[issue43689] difflib: mention other "problematic" characters in documentation

2021-04-05 Thread Tim Peters


Tim Peters  added the comment:

Terry, your suggested replacement statement looks like an improvement to me. 
Perhaps the longer explanation could be placed in a footnote.

Note that I'm old ;-) I grew up on plain old ASCII, decades & decades ago, and 
tabs are in fact the only "characters" I've had a problem with in doctests. But 
then, e.g., I never in my life used goofy things like ASCII "form feed" 
characters, or NUL bytes, or ... in text either.

I don't use Unicode either, except to the extent that Python forces me to when 
I'm sticking printable ASCII characters inside string quotes ;-)

--

___
Python tracker 

___
___
Python-bugs-list mailing list
Unsubscribe: 
https://mail.python.org/mailman/options/python-bugs-list/archive%40mail-archive.com



[issue43689] difflib: mention other "problematic" characters in documentation

2021-04-05 Thread Terry J. Reedy


Terry J. Reedy  added the comment:

I have an alternate replacement:  "These lines can be confusing if the 
sequences contain tab characters or other characters that result in the 
indicator symbols in these lines being mislocated."

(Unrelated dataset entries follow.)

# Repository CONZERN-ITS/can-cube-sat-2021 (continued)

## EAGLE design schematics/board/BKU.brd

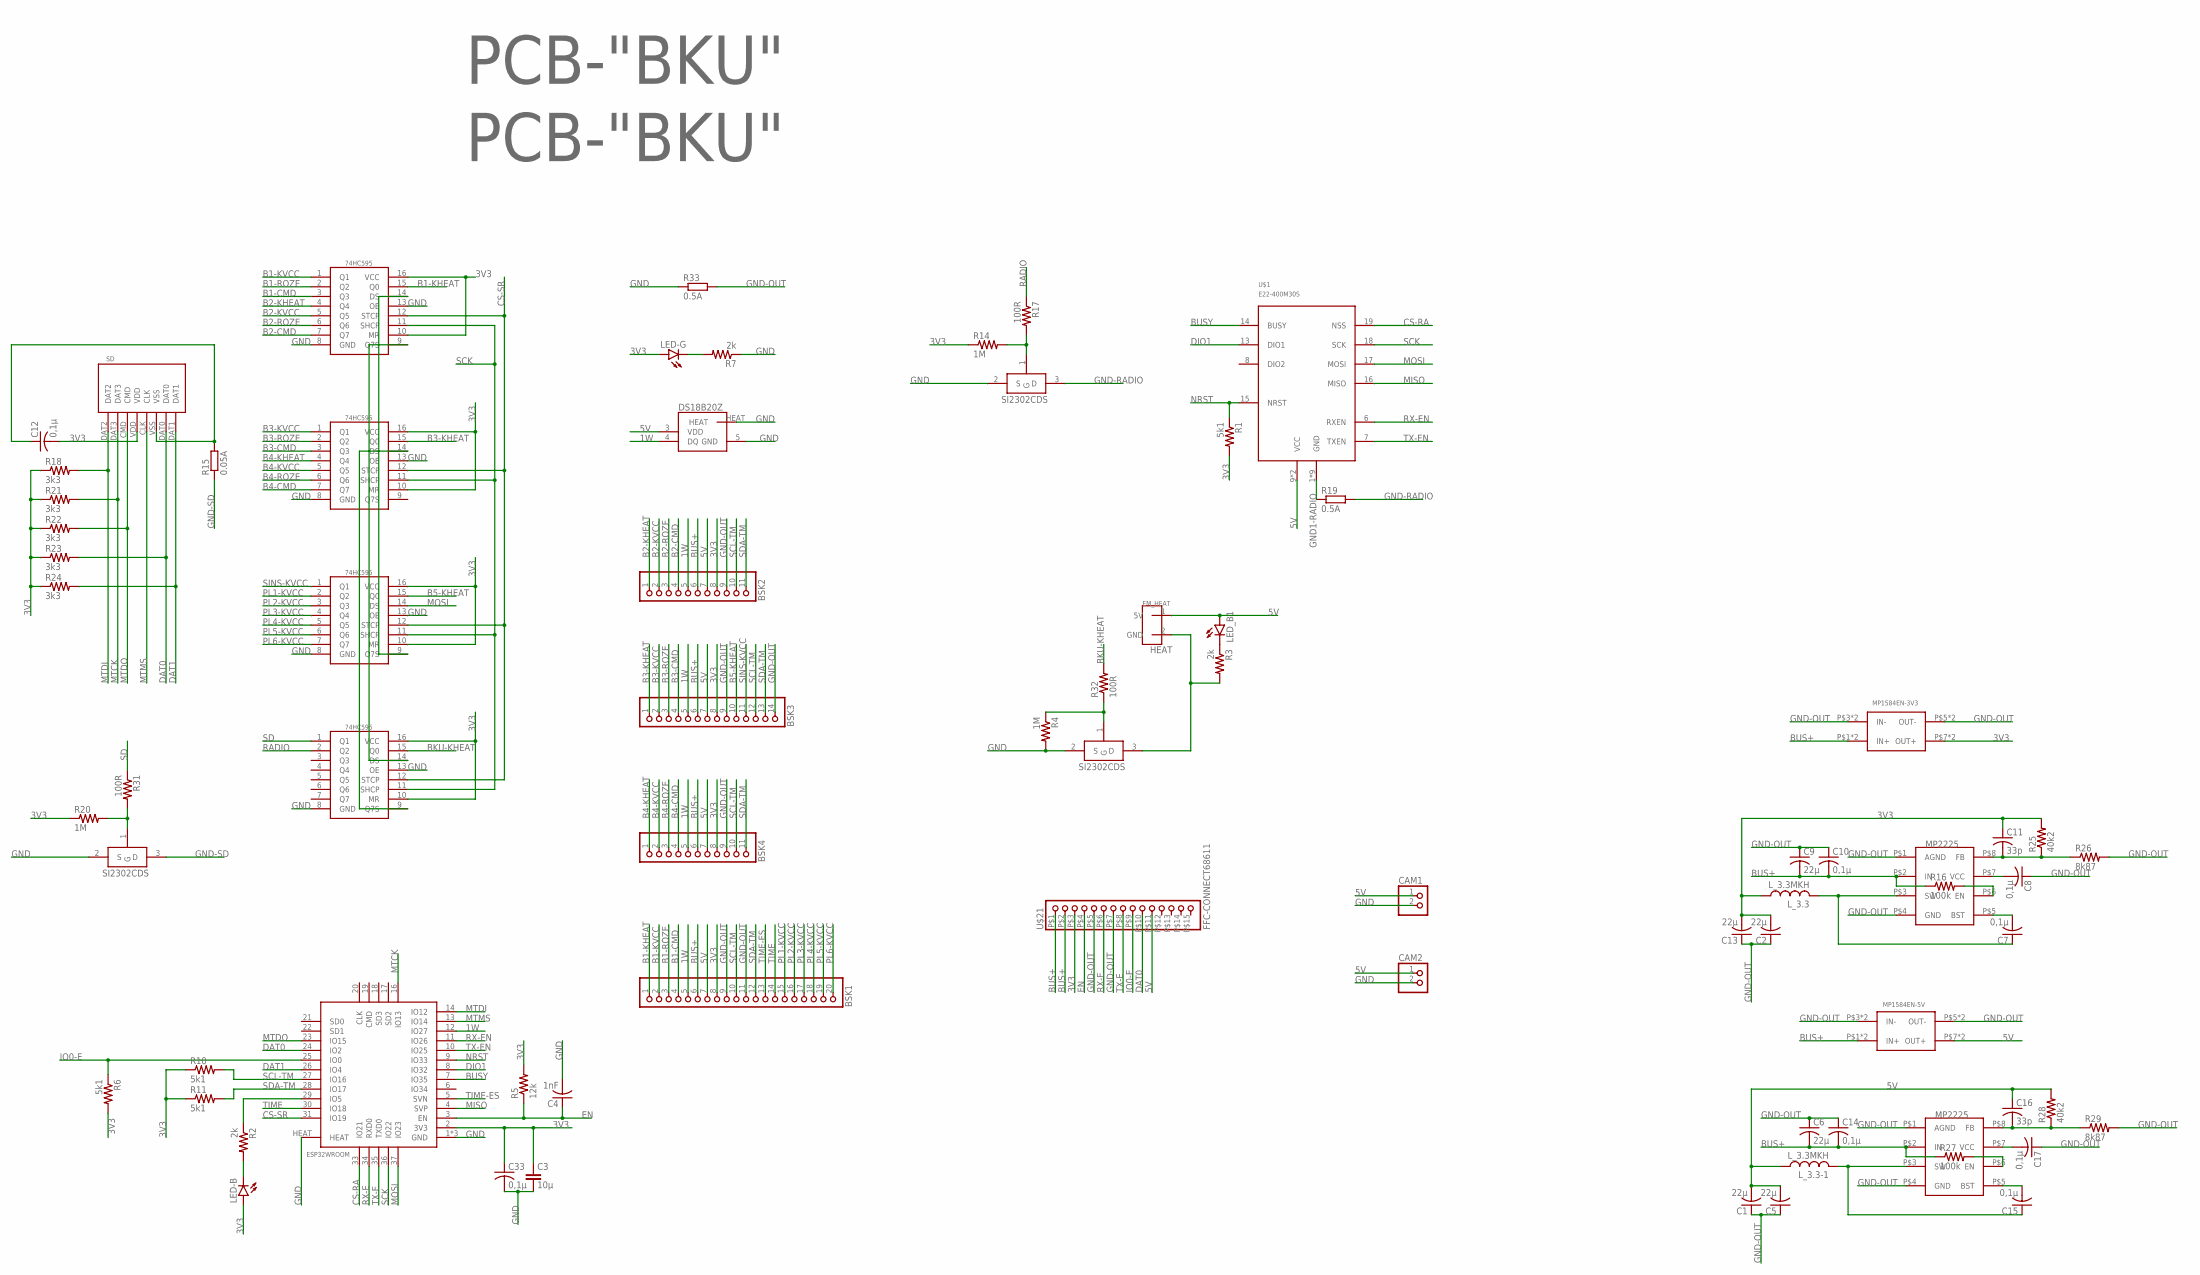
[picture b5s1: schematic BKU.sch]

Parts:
74HC595#1, 74HC595#2, 74HC595#3, 74HC595#4: 74HC595; TSSOP16
BSK1: PINHD-1X20; 1X20
BSK2, BSK4: PINHD-1X11; 1X11
BSK3: PINHD-1X14; 1X14
C1, C2, C5, C6, C9, C13: 22µ; C1206
C3: 10µ; C1206
C4: 1nF; C0603
C7, C8, C10, C12, C14, C15, C17, C33: 0,1µ; C0603
C11, C16: 33p; C0603
CAM1, CAM2: PINHD-1X2; 1X02
LED-B: LEDCHIPLED_0603; CHIPLED_0603
LED-G: LEDCHIPLED_0603; CHIPLED_0603
LED_B1: LEDCHIPLED_0603; CHIPLED_0603
L_3.3, L_3.3-1: L_3.3MKH; L_SPM5020
MP1584EN-3V3, MP1584EN-5V: MP1584-B
MP2225-3V3, MP2225-5V: MP2225; TSOT23-8
R1, R6, R10, R11: 5k1; R0603
R2, R3, R7: 2k; R0603
R4, R14, R20: 1M; R0603
R5: 12k; R0603
R15: 0.05A; R1210
R16, R27: 100k; R0603
R17, R31, R32: 100R; R0603
R18, R21, R22, R23, R24: 3k3; R0603
R19, R33: 0.5A; R1210
R25, R28: 40k2; R0603
R26, R29: 8k87; R0603
SD: SD
U$1: E22-400M30S
U$2, U$6: PCB-"BKU"; ITS-LOGO
U$3, U$4, U$23: SI2302CDS; SOT23-3
U$5: DS18B20Z; SOIC8+HEAT_S
U$13: ESP32WROOM
U$21: FFC-CONNECT68611; 68611
U$24: EM_HEAT

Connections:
1W: BSK1.5, BSK2.5, BSK3.5, BSK4.5, U$5.4 (DQ), U$13.12 (IO27)
3: R3.2, U$23.3 (D), U$24.2 (GND)
3V3: 74HC595#1.10 (MR), 74HC595#1.16 (VCC), 74HC595#2.10 (MR), 74HC595#2.16 (VCC), 74HC595#3.10 (MR), 74HC595#3.16 (VCC), 74HC595#4.10 (MR), 74HC595#4.16 (VCC), BSK1.8, BSK2.8, BSK3.8, BSK4.8, C2.2, C3.1, C11.1, C12.2, C13.2, C33.1, LED-B.A, LED-G.A, L_3.3.P$1 (1), MP1584EN-3V3.P$7 (OUT+), MP1584EN-3V3.P$8 (OUT+), R1.2, R5.2, R6.2, R10.1, R11.1, R14.1, R18.1, R20.1, R21.1, R22.1, R23.1, R24.1, R25.2, SD.VDD, U$13.2 (3V3), U$21.P$3 (3)
5V: BSK1.7, BSK2.7, BSK3.7, BSK4.7, C1.2, C5.2, C16.1, CAM1.1, CAM2.1, LED_B1.A, L_3.3-1.P$1 (1), MP1584EN-5V.P$7 (OUT+), MP1584EN-5V.P$8 (OUT+), R28.2, U$1.9 (VCC), U$1.10 (VCC), U$5.3 (VDD), U$21.P$11 (11), U$24.1 (5V)
B1-CMD: 74HC595#1.3 (Q3), BSK1.4
B1-KHEAT: 74HC595#1.15 (Q0), BSK1.1
B1-KVCC: 74HC595#1.1 (Q1), BSK1.2
B1-ROZE: 74HC595#1.2 (Q2), BSK1.3
B2-CMD: 74HC595#1.7 (Q7), BSK2.4
B2-KHEAT: 74HC595#1.4 (Q4), BSK2.1
B2-KVCC: 74HC595#1.5 (Q5), BSK2.2
B2-ROZE: 74HC595#1.6 (Q6), BSK2.3
B3-CMD: 74HC595#2.3 (Q3), BSK3.4
B3-KHEAT: 74HC595#2.15 (Q0), BSK3.1
B3-KVCC: 74HC595#2.1 (Q1), BSK3.2
B3-ROZE: 74HC595#2.2 (Q2), BSK3.3
B4-CMD: 74HC595#2.7 (Q7), BSK4.4
B4-KHEAT: 74HC595#2.4 (Q4), BSK4.1
B4-KVCC: 74HC595#2.5 (Q5), BSK4.2
B4-ROZE: 74HC595#2.6 (Q6), BSK4.3
B5-KHEAT: 74HC595#3.15 (Q0), BSK3.10
BKU-KHEAT: 74HC595#4.15 (Q0), R32.2
BUS+: BSK1.6, BSK2.6, BSK3.6, BSK4.6, C6.2, C9.2, C10.2, C14.2, MP1584EN-3V3.P$1 (IN+), MP1584EN-3V3.P$2 (IN+), MP1584EN-5V.P$1 (IN+), MP1584EN-5V.P$2 (IN+), MP2225-3V3.P$2 (IN), MP2225-5V.P$2 (IN), R16.1, R27.1, U$21.P$1 (1), U$21.P$2 (2)
BUSY: U$1.14 (BUSY), U$13.7 (IO35)
CS-RA: U$1.19 (NSS), U$13.33 (IO21)
CS-SR: 74HC595#1.12 (STCP), 74HC595#2.12 (STCP), 74HC595#3.12 (STCP), 74HC595#4.12 (STCP), U$13.31 (IO19)
DAT0: R23.2, SD.DAT0, U$13.24 (IO2), U$21.P$10 (10)
DAT1: R24.2, SD.DAT1, U$13.26 (IO4)
DIO1: U$1.13 (DIO1), U$13.8 (IO32)
EN: C4.1, R5.1, U$13.3 (EN), U$21.P$4 (4)
GND: 74HC595#1.8 (GND), 74HC595#1.13 (OE), 74HC595#2.8 (GND), 74HC595#2.13 (OE), 74HC595#3.8 (GND), 74HC595#3.13 (OE), 74HC595#4.8 (GND), 74HC595#4.13 (OE), C3.2, C4.2, C33.2, CAM1.2, CAM2.2, R4.2, R7.1, R33.1, U$3.2 (S), U$4.2 (S), U$5.5 (GND), U$5.HEAT, U$13.1 (GND), U$13.15 (GND), U$13.38 (GND), U$13.HEAT, U$23.2 (S)
GND1-RADIO: R19.1, U$1.1 (GND), U$1.2 (GND), U$1.3 (GND), U$1.4 (GND), U$1.5 (GND), U$1.11 (GND), U$1.12 (GND), U$1.20 (GND), U$1.22 (GND)
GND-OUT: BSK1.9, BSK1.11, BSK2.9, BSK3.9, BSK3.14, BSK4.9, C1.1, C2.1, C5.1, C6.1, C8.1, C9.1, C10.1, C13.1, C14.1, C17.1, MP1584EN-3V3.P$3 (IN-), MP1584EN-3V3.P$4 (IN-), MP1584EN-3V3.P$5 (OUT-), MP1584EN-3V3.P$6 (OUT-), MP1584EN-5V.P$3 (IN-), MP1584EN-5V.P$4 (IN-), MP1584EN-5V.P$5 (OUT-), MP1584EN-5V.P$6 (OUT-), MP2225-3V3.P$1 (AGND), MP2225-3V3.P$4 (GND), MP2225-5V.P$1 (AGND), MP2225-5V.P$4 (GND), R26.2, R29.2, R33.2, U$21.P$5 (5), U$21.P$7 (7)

Or leave the current sentence as is.

Explanation with the details omitted from the above:
In 3.x, strings are unicode.  Even if one uses a fixed pitch font for the ascii 
subset, a majority of characters will be rendered either in a different fixed 
pitch or with variable pitch.  And on a graphics screen that is not simulating 
a fixed-pitch text terminal (such as Windows console), the so-called 
double-wide East Asian characters are not really double wide but more like 1.6 
times as wide.  The details depend on the OS, the font, and perhaps the font 
size.  One can explore this in the font sample box for the Font tab of the IDLE 
settings dialog.  The problems include chars less than 'one space', down to 0 
wide.  For general unicode, ^ marking does not work.  Syntax error marking has 
the same problem and there is no general solution.  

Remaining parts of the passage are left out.